(To do) Locate the line that contains "#28=CIRCLE('',#27,1.75);" in the entries below, then repeat it and every following line through the line that contains "#68=CARTESIAN_POINT('',(0.,3.,-7.));", exactly, and no others.

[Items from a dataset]
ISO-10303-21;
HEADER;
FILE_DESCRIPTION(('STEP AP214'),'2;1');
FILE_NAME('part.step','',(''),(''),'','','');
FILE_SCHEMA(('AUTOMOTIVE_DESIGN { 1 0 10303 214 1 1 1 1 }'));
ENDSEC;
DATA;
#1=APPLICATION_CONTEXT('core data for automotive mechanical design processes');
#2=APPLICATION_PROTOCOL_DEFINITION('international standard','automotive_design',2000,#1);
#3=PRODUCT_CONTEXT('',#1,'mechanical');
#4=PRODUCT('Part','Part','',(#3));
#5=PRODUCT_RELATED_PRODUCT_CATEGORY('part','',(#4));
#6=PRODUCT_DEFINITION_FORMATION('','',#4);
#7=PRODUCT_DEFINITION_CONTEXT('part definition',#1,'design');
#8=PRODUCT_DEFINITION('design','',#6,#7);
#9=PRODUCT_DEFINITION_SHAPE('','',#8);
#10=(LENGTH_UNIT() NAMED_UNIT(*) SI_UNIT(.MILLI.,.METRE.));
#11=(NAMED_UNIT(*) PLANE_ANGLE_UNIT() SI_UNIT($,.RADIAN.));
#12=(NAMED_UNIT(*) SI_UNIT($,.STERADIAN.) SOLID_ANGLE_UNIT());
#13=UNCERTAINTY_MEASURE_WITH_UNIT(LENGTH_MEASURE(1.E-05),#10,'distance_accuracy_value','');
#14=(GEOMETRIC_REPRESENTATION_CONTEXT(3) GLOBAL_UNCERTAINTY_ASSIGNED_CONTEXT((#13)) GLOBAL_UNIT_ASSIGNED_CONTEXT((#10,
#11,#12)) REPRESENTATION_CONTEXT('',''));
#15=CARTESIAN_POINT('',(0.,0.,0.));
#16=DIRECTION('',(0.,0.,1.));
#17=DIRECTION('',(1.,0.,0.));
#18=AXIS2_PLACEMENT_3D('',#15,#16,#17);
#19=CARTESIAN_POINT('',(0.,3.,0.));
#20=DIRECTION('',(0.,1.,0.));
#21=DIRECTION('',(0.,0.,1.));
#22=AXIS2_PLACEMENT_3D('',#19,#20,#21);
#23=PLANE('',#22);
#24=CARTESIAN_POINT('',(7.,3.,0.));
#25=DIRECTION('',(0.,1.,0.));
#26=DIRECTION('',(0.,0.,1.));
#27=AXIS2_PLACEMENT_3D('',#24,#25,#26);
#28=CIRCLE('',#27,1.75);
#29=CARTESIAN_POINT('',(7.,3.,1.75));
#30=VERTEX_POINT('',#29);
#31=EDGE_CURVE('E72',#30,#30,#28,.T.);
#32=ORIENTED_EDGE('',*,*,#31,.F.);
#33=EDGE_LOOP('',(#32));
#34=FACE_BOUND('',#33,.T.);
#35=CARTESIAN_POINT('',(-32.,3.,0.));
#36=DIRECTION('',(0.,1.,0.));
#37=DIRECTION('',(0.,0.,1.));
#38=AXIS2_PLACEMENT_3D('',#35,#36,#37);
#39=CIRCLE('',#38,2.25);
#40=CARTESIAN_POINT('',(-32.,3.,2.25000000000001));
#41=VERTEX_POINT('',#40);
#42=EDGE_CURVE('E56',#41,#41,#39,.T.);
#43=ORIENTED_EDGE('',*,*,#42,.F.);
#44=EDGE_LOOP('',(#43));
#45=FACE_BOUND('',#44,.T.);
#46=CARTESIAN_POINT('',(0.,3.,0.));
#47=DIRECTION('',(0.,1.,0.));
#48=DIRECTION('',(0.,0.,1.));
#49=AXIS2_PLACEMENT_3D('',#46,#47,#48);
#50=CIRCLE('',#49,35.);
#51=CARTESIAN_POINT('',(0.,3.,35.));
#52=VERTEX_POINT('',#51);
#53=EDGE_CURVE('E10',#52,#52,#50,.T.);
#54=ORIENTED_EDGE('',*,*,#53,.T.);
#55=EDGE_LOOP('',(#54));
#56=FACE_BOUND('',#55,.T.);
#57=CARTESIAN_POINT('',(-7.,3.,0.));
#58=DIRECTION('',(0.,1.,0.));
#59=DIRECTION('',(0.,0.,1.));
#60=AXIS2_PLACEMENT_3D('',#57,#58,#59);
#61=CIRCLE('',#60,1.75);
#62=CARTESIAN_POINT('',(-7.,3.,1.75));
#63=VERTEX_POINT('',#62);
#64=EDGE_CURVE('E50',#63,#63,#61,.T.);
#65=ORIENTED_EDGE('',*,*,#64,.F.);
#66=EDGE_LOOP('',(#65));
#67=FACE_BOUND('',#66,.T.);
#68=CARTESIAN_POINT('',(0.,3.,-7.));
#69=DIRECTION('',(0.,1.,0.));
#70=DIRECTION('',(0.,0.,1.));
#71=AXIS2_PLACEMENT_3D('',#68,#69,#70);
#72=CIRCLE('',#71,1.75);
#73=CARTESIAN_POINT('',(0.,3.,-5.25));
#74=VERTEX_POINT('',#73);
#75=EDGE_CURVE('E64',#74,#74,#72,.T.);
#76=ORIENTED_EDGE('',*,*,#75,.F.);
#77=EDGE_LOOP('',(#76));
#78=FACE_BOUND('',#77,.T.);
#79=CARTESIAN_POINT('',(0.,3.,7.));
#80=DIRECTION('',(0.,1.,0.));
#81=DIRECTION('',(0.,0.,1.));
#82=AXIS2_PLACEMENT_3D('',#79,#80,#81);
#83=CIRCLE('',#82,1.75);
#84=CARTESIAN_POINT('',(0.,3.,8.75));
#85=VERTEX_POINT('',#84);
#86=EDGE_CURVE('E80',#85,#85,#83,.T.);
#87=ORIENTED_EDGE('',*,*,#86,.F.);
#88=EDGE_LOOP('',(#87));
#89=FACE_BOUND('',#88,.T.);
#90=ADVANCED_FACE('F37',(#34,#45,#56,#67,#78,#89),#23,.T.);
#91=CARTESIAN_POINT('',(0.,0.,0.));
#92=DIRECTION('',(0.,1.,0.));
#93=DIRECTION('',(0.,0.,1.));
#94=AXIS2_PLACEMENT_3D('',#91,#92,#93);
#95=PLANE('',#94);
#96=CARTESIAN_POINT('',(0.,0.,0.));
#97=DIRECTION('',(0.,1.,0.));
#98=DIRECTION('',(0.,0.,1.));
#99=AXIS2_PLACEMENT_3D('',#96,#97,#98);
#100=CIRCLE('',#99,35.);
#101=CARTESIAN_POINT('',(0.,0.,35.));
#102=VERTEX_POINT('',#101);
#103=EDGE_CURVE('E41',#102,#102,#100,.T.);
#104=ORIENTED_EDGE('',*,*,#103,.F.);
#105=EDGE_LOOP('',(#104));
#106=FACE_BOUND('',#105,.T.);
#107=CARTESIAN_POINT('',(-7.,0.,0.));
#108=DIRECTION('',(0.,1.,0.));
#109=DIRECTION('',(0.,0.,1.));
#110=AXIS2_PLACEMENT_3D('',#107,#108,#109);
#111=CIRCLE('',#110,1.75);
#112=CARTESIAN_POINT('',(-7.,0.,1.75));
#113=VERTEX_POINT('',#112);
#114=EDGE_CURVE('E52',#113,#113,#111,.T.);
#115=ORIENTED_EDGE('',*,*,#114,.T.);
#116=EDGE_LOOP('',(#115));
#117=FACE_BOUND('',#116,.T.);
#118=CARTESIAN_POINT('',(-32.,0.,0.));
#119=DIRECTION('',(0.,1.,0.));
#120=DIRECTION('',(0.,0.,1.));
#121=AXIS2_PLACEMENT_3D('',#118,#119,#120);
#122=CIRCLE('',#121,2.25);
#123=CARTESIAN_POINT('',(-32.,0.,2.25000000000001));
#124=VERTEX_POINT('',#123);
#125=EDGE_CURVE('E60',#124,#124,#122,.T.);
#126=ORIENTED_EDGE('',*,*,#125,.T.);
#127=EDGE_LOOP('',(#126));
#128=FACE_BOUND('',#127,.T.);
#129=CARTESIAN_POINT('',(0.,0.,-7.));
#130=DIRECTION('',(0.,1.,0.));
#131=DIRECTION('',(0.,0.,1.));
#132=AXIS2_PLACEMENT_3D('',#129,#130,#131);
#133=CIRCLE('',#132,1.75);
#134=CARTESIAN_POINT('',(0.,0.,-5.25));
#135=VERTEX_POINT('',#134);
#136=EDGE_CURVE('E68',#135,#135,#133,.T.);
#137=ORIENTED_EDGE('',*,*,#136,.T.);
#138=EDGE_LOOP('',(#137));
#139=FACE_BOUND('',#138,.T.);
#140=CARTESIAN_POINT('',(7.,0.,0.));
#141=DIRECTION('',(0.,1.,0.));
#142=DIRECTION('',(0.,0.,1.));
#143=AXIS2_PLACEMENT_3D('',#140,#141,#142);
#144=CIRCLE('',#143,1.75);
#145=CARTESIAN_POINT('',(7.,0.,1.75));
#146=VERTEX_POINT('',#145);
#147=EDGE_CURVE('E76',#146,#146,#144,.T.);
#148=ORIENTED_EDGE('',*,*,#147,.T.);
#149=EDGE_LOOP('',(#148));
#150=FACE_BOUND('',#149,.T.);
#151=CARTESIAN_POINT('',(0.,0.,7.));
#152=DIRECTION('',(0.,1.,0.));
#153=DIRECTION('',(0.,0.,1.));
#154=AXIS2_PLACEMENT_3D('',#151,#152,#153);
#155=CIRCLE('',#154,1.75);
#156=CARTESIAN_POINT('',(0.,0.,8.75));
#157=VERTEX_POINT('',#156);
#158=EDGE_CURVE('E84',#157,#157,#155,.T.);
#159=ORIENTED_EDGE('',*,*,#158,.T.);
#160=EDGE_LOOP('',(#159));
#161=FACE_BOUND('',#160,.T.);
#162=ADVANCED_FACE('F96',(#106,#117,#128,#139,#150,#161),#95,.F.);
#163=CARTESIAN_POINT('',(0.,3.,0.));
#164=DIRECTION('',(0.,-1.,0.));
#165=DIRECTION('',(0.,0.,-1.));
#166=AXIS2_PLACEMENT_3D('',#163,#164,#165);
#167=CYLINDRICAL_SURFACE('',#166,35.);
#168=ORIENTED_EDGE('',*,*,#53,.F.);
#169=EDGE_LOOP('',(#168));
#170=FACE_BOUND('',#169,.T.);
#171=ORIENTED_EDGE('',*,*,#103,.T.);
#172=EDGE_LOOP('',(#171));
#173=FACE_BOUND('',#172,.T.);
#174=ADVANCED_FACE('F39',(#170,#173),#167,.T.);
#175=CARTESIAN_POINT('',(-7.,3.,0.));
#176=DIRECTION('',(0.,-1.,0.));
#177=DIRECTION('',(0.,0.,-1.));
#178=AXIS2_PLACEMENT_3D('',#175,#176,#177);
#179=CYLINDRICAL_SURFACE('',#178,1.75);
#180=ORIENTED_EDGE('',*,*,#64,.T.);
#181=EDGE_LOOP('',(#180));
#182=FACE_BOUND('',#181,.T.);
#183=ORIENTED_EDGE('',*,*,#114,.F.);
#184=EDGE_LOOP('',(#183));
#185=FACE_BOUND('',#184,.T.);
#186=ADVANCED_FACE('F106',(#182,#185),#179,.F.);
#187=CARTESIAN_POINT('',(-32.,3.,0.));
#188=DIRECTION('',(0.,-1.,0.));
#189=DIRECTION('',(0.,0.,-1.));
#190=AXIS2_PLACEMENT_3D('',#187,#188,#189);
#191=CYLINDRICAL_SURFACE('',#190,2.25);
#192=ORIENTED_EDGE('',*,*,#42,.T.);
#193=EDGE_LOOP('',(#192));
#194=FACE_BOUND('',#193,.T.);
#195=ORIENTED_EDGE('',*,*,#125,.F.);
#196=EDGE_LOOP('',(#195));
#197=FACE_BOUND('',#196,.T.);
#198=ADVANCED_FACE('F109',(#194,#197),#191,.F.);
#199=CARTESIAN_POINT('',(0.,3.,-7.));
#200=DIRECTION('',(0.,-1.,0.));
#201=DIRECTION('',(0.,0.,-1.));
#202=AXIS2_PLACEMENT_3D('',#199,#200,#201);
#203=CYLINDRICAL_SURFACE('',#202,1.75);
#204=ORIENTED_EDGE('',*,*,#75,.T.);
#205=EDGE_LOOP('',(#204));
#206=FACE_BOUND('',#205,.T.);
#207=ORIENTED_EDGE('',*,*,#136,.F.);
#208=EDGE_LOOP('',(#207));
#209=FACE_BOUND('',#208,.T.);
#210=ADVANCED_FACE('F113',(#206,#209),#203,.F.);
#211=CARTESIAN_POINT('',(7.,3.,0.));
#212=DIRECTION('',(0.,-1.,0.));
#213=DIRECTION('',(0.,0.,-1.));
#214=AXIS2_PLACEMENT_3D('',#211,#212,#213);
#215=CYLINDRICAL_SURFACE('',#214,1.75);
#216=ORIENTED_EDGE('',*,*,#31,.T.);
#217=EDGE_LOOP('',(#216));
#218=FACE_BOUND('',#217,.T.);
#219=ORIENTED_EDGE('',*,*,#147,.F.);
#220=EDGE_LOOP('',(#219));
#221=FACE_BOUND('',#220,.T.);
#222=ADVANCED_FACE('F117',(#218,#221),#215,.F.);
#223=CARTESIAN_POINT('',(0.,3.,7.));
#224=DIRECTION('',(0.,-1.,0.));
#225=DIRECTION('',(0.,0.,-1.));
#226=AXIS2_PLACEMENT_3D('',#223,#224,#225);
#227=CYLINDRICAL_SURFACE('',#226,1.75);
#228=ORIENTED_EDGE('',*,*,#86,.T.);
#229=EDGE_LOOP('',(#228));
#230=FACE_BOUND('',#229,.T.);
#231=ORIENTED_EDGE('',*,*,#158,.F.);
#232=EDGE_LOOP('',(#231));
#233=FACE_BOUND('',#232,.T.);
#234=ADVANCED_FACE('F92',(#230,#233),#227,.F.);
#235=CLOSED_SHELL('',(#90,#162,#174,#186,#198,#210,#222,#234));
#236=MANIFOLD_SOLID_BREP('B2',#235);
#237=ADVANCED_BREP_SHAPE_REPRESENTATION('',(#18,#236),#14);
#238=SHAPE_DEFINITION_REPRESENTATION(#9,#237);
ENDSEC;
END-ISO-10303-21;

(Task output)
#28=CIRCLE('',#27,1.75);
#29=CARTESIAN_POINT('',(7.,3.,1.75));
#30=VERTEX_POINT('',#29);
#31=EDGE_CURVE('E72',#30,#30,#28,.T.);
#32=ORIENTED_EDGE('',*,*,#31,.F.);
#33=EDGE_LOOP('',(#32));
#34=FACE_BOUND('',#33,.T.);
#35=CARTESIAN_POINT('',(-32.,3.,0.));
#36=DIRECTION('',(0.,1.,0.));
#37=DIRECTION('',(0.,0.,1.));
#38=AXIS2_PLACEMENT_3D('',#35,#36,#37);
#39=CIRCLE('',#38,2.25);
#40=CARTESIAN_POINT('',(-32.,3.,2.25000000000001));
#41=VERTEX_POINT('',#40);
#42=EDGE_CURVE('E56',#41,#41,#39,.T.);
#43=ORIENTED_EDGE('',*,*,#42,.F.);
#44=EDGE_LOOP('',(#43));
#45=FACE_BOUND('',#44,.T.);
#46=CARTESIAN_POINT('',(0.,3.,0.));
#47=DIRECTION('',(0.,1.,0.));
#48=DIRECTION('',(0.,0.,1.));
#49=AXIS2_PLACEMENT_3D('',#46,#47,#48);
#50=CIRCLE('',#49,35.);
#51=CARTESIAN_POINT('',(0.,3.,35.));
#52=VERTEX_POINT('',#51);
#53=EDGE_CURVE('E10',#52,#52,#50,.T.);
#54=ORIENTED_EDGE('',*,*,#53,.T.);
#55=EDGE_LOOP('',(#54));
#56=FACE_BOUND('',#55,.T.);
#57=CARTESIAN_POINT('',(-7.,3.,0.));
#58=DIRECTION('',(0.,1.,0.));
#59=DIRECTION('',(0.,0.,1.));
#60=AXIS2_PLACEMENT_3D('',#57,#58,#59);
#61=CIRCLE('',#60,1.75);
#62=CARTESIAN_POINT('',(-7.,3.,1.75));
#63=VERTEX_POINT('',#62);
#64=EDGE_CURVE('E50',#63,#63,#61,.T.);
#65=ORIENTED_EDGE('',*,*,#64,.F.);
#66=EDGE_LOOP('',(#65));
#67=FACE_BOUND('',#66,.T.);
#68=CARTESIAN_POINT('',(0.,3.,-7.));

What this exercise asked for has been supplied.